"Blessed Are The Dead"
On July 23, "Mother" fell asleep in Jesus to await his coming. After more than four years of great suffering she was released from all pain, and went to be with him whom she has deeply loved and served for about seventy-five years. During her more than four years of great suffering, I was by her side day and night. Gall bladder disease (not stone), hardening of the arteries, and heart ailment brought on the most intense suffering.
It was on December 29, 1884, nearly seventy-two years ago, that I met Minnie Showalter for the first time. How vividly I recall that hour! Standing some ten feet distant, I happened to turn my face toward where she was standing. Our eyes met and held as if by magic for a moment. Were I an artist, I could even now, after nearly seventy-two years, paint that unforgettable face, and even the dress she was wearing. I could not see her clearer if she were right now standing before me as she did in that solemn and sacred moment when first we met. The face was a true likeness of maidenly modesty and purity. During our long life together never once did I hear a coarse word fall from her lips; not once did she violate the rule of womanly modesty.

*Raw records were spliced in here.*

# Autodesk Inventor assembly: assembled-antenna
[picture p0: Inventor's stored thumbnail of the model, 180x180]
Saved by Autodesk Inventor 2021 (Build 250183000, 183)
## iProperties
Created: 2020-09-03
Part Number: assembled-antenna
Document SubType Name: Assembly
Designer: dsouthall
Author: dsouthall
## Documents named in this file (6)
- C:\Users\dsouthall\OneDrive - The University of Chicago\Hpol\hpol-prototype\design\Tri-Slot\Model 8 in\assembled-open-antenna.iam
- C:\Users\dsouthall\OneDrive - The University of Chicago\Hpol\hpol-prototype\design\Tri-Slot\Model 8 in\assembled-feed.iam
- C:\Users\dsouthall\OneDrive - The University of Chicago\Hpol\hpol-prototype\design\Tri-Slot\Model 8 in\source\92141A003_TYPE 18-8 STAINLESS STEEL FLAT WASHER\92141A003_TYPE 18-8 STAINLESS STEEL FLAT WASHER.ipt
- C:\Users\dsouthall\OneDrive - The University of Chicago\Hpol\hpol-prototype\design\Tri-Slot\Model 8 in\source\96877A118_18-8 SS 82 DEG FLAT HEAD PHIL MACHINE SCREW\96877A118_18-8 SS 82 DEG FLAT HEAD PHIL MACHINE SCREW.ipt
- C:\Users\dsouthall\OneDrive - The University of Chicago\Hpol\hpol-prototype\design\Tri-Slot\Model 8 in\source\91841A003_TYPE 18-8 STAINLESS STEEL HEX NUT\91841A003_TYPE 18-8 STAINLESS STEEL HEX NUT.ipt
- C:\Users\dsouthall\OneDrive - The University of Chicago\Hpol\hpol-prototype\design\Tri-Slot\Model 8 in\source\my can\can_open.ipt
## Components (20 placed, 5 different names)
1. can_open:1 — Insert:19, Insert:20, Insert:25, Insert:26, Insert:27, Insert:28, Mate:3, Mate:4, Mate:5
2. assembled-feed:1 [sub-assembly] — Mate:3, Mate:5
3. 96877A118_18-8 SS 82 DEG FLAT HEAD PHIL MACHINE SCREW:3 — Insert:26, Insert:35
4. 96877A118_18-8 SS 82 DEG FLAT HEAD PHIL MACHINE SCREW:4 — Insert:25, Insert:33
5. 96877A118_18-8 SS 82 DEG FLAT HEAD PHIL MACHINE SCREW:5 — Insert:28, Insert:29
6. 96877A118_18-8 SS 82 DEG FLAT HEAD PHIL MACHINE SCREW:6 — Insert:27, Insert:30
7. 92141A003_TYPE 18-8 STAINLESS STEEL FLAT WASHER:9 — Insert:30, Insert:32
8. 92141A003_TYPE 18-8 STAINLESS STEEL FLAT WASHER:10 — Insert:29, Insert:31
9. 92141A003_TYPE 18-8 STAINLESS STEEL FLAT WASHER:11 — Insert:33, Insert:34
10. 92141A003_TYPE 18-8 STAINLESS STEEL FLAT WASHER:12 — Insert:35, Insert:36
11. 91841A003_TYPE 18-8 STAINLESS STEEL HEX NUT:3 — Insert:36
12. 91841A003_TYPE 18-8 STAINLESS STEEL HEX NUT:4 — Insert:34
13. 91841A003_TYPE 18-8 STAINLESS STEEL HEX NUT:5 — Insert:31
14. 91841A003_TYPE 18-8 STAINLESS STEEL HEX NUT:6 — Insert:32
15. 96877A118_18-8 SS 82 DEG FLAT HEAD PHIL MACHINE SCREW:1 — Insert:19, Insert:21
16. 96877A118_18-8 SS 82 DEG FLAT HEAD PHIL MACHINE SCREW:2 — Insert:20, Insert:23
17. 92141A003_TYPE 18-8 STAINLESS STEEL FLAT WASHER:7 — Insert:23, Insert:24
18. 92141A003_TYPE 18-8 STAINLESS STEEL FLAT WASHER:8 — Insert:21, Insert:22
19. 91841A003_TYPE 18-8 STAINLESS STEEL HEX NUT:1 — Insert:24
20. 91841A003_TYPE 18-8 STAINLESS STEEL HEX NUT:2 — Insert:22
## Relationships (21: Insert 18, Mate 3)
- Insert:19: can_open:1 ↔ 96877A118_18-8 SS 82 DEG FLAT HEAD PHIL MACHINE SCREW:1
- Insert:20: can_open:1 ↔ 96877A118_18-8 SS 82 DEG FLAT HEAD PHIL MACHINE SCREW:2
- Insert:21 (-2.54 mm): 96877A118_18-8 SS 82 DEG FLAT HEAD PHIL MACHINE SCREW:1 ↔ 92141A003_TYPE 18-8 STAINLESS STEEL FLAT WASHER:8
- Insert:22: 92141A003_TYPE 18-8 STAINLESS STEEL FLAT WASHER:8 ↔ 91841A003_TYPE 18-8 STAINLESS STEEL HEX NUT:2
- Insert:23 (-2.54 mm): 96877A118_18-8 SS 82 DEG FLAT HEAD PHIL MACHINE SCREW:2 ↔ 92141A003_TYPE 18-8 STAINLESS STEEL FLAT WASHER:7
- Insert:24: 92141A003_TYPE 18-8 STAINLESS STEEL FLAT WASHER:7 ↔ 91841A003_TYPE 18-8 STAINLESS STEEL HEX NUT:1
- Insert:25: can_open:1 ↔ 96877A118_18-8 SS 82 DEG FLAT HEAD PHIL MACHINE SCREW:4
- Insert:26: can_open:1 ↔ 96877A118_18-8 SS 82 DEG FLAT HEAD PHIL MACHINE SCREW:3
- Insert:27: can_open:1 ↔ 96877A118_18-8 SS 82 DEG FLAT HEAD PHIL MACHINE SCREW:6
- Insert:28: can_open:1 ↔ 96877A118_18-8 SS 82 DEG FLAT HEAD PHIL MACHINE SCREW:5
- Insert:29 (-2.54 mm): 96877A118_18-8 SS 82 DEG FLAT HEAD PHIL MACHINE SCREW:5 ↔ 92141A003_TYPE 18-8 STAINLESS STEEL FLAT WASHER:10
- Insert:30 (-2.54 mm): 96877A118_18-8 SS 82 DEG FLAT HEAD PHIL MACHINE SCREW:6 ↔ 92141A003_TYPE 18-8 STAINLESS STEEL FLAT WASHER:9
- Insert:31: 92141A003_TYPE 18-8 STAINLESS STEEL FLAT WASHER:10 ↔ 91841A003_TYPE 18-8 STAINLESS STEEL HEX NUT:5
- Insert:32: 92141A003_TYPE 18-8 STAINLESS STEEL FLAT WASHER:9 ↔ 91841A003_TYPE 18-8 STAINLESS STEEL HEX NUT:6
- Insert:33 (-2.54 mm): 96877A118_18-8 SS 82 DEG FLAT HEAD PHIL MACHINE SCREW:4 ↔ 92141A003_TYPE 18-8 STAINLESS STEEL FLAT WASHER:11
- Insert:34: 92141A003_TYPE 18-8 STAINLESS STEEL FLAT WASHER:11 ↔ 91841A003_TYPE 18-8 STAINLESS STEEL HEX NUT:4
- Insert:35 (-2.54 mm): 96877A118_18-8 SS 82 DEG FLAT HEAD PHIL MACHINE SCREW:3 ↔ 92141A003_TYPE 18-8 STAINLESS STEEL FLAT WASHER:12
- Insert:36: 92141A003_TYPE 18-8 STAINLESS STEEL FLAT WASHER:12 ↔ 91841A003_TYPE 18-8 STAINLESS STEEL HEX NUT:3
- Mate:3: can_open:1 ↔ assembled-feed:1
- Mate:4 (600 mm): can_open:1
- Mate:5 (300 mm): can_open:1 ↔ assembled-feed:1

One year after we first met, we pledged ourselves to each other as husband and wife. For nearly seventy-one years we shared our joys and bore our grief's — together. We laughed together; we read God's word together; we prayed together; and together we worshipped Him whom we sought to serve. During these last thirty years, since our children had grown up and gone out from the home, our lives have been the closest and sweetest of all the long sojourn together. Often in the evening, as we sat close together, and as the evening shadows closed down to enfold us, we talked of our children and their welfare, Yes, I am not ashamed to say that we often found ourselves holding hands and talking in tender tones as in the days of our youth. The love of youth was sweet, but it could not be sweeter than this. And most important of all, we talked much about the "land that is fairer than day." We wondered how our time would be spent, and if we would know each other in that glorious land. On this we formed no opinion. We simply said that what is best, God will provide. His provision will be all that we could ask or desire.
I am sure that I have never known any one who was as impartial toward her children as "Mother" was. It was only the one who happened to be sick or otherwise in need of sympathy that received her closest attention. She more nearly loved every body, yes, loved, than any one whom I have ever known. And with few exceptions, possibly, all who knew her loved her. Sympathy, kindness, tender acts characterized her life. No one whom I have ever known loved the word of the Lord, and the hour of worship, more sincerely. And what has been a marvel to me is that for nearly seventy years she remained to the last about the most appreciative listener I had.
Two hearts that beat as one for more than seventy years have now been severed, and mine is left torn and bleeding. "Mother" is not over in Highland Cemetery; no, she is with the angels and is happy.
What of me? The calendar says I will soon be ninety. The doctor says, "You are as sound as a teen-ager." But of course I do not have the strength of a youth. I think I would like to lie down and go to sleep and wake up on the other side. But the will of the Lord is mine. I have never lived in the past. Even now I still have much planned to do if it be His will. The Lord said, "Be thou faithful unto death, and I will give thee a crown of life." This, by His help, I shall endeavor to do.